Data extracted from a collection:
┄┄┄┄┄┄┄┄┄┄┄┄┄┄┄┄┄┄┄┄
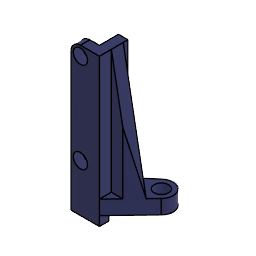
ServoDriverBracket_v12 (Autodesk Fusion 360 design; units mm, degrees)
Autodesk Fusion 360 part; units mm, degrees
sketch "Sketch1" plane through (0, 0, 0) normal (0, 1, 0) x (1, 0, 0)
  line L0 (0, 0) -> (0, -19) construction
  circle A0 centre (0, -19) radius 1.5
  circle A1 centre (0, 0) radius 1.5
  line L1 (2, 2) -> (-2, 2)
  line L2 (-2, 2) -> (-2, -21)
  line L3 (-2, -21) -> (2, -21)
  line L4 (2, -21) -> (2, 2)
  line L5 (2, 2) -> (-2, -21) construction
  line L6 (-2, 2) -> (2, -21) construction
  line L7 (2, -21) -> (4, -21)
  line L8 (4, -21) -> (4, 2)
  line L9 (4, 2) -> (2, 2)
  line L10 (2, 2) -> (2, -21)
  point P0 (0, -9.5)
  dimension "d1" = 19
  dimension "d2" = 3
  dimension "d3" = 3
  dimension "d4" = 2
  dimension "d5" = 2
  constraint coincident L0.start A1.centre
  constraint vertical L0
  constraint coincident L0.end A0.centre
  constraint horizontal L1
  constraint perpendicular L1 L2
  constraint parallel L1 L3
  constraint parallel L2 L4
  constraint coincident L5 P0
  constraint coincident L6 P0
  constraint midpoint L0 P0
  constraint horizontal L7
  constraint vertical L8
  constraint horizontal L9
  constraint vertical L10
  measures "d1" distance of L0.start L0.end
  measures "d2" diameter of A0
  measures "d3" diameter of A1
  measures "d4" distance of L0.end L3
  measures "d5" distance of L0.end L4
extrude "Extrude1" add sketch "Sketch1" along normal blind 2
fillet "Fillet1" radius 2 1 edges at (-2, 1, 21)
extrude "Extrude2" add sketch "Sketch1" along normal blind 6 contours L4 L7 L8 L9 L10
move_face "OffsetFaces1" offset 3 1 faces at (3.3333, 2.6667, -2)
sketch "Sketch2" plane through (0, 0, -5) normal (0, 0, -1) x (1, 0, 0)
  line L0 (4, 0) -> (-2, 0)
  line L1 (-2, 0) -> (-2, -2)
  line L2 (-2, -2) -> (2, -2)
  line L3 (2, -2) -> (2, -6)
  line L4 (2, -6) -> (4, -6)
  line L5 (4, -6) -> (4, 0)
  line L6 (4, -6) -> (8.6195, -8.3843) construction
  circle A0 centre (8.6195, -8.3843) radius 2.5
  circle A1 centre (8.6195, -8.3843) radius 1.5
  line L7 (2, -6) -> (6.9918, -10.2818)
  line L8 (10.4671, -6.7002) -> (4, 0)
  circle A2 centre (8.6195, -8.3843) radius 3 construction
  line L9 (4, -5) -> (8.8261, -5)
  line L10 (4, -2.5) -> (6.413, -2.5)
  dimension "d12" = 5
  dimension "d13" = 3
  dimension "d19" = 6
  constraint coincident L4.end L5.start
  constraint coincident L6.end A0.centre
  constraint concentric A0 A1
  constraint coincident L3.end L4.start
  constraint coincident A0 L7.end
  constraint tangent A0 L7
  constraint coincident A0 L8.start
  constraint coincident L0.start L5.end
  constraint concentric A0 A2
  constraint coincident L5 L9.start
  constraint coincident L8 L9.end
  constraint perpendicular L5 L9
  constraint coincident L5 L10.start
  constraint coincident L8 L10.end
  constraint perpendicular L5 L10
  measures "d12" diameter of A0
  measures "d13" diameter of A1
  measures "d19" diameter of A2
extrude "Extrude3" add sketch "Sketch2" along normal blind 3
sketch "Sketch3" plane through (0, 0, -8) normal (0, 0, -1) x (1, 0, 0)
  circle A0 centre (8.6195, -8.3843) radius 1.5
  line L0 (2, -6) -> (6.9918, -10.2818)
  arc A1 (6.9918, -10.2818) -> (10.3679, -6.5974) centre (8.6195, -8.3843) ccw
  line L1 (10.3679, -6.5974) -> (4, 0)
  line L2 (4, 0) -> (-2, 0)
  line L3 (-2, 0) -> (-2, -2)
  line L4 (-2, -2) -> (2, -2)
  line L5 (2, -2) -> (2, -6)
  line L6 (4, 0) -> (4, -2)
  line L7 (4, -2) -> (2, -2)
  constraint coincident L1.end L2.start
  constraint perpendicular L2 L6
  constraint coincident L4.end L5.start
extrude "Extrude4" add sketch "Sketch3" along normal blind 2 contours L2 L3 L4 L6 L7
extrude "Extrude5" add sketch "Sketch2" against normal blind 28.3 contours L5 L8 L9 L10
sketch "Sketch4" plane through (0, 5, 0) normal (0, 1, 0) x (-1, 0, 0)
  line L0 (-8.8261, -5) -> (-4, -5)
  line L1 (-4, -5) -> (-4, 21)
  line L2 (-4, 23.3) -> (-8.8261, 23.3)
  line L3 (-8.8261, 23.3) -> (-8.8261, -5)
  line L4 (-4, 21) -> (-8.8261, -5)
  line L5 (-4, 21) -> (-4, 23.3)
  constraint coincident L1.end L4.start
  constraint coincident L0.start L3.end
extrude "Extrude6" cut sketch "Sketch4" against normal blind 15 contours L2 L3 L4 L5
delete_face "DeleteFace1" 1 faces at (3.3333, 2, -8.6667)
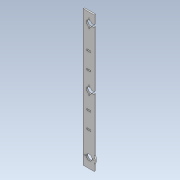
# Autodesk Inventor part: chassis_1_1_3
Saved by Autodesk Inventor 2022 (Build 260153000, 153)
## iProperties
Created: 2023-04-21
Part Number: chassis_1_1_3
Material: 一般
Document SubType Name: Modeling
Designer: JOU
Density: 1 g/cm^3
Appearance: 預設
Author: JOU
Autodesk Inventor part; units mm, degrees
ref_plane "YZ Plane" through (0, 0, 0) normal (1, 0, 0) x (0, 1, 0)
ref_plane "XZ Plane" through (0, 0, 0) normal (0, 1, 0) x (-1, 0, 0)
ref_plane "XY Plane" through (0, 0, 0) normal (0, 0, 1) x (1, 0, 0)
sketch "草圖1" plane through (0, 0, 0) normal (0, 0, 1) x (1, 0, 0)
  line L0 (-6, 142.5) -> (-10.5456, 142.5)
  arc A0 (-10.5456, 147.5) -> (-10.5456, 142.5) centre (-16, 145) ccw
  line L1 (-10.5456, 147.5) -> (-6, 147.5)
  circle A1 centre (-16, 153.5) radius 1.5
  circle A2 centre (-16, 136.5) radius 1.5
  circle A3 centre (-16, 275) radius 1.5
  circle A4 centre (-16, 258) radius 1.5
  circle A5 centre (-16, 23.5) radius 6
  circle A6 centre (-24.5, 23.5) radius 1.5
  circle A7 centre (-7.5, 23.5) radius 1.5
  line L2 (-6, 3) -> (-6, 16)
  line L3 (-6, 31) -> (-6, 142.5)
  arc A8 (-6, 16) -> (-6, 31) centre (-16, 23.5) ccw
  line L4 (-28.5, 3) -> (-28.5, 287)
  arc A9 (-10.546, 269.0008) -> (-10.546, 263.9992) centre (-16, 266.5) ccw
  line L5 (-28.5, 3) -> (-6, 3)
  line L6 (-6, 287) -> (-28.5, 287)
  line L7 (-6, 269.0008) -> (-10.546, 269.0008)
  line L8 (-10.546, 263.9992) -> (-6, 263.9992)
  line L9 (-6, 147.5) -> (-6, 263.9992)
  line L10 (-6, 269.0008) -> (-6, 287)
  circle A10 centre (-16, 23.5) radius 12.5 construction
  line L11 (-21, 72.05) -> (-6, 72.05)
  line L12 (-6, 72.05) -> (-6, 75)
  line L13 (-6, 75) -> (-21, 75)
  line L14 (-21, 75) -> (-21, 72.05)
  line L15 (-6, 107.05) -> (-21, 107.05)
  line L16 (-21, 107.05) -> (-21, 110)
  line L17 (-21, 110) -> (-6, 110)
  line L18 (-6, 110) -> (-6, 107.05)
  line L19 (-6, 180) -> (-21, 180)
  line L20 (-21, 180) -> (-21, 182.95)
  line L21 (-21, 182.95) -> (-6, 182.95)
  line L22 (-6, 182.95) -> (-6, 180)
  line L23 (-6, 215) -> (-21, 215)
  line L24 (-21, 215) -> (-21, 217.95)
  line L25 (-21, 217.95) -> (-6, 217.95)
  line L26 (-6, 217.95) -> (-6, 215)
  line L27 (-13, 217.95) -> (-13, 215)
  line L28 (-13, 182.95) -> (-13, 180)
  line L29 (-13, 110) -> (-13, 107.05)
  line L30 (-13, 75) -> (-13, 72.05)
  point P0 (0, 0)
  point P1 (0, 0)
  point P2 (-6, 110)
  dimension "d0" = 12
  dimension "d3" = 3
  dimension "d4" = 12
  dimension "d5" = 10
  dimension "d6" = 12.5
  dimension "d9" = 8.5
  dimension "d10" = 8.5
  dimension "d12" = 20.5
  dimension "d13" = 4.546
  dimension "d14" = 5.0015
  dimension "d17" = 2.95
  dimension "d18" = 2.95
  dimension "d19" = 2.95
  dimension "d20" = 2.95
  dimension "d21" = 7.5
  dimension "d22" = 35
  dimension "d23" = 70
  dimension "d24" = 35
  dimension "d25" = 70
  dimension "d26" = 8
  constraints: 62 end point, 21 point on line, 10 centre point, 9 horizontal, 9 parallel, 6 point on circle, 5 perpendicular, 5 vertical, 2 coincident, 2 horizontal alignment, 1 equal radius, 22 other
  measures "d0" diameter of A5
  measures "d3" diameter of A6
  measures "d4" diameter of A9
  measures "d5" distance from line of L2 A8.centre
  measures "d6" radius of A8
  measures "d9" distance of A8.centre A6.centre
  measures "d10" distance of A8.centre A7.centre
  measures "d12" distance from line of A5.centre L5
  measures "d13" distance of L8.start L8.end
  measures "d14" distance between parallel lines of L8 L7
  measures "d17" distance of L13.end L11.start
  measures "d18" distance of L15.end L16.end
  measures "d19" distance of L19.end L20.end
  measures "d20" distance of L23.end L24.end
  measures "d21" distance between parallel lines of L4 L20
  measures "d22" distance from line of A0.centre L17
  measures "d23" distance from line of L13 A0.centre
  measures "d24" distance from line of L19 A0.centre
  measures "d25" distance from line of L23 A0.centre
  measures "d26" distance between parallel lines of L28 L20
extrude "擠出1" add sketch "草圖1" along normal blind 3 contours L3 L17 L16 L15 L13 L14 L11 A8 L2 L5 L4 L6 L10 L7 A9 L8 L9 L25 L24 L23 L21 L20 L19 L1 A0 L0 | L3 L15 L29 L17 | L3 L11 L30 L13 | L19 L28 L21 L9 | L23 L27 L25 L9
┄┄┄┄┄┄┄┄┄┄┄┄┄┄┄┄┄┄┄┄
● Task:
Nothing but the lines from the one with "of L19.end L20.end" through the end of the data above should be reproduced, each exactly, both ends included.

● Expected output:
  measures "d19" distance of L19.end L20.end
  measures "d20" distance of L23.end L24.end
  measures "d21" distance between parallel lines of L4 L20
  measures "d22" distance from line of A0.centre L17
  measures "d23" distance from line of L13 A0.centre
  measures "d24" distance from line of L19 A0.centre
  measures "d25" distance from line of L23 A0.centre
  measures "d26" distance between parallel lines of L28 L20
extrude "擠出1" add sketch "草圖1" along normal blind 3 contours L3 L17 L16 L15 L13 L14 L11 A8 L2 L5 L4 L6 L10 L7 A9 L8 L9 L25 L24 L23 L21 L20 L19 L1 A0 L0 | L3 L15 L29 L17 | L3 L11 L30 L13 | L19 L28 L21 L9 | L23 L27 L25 L9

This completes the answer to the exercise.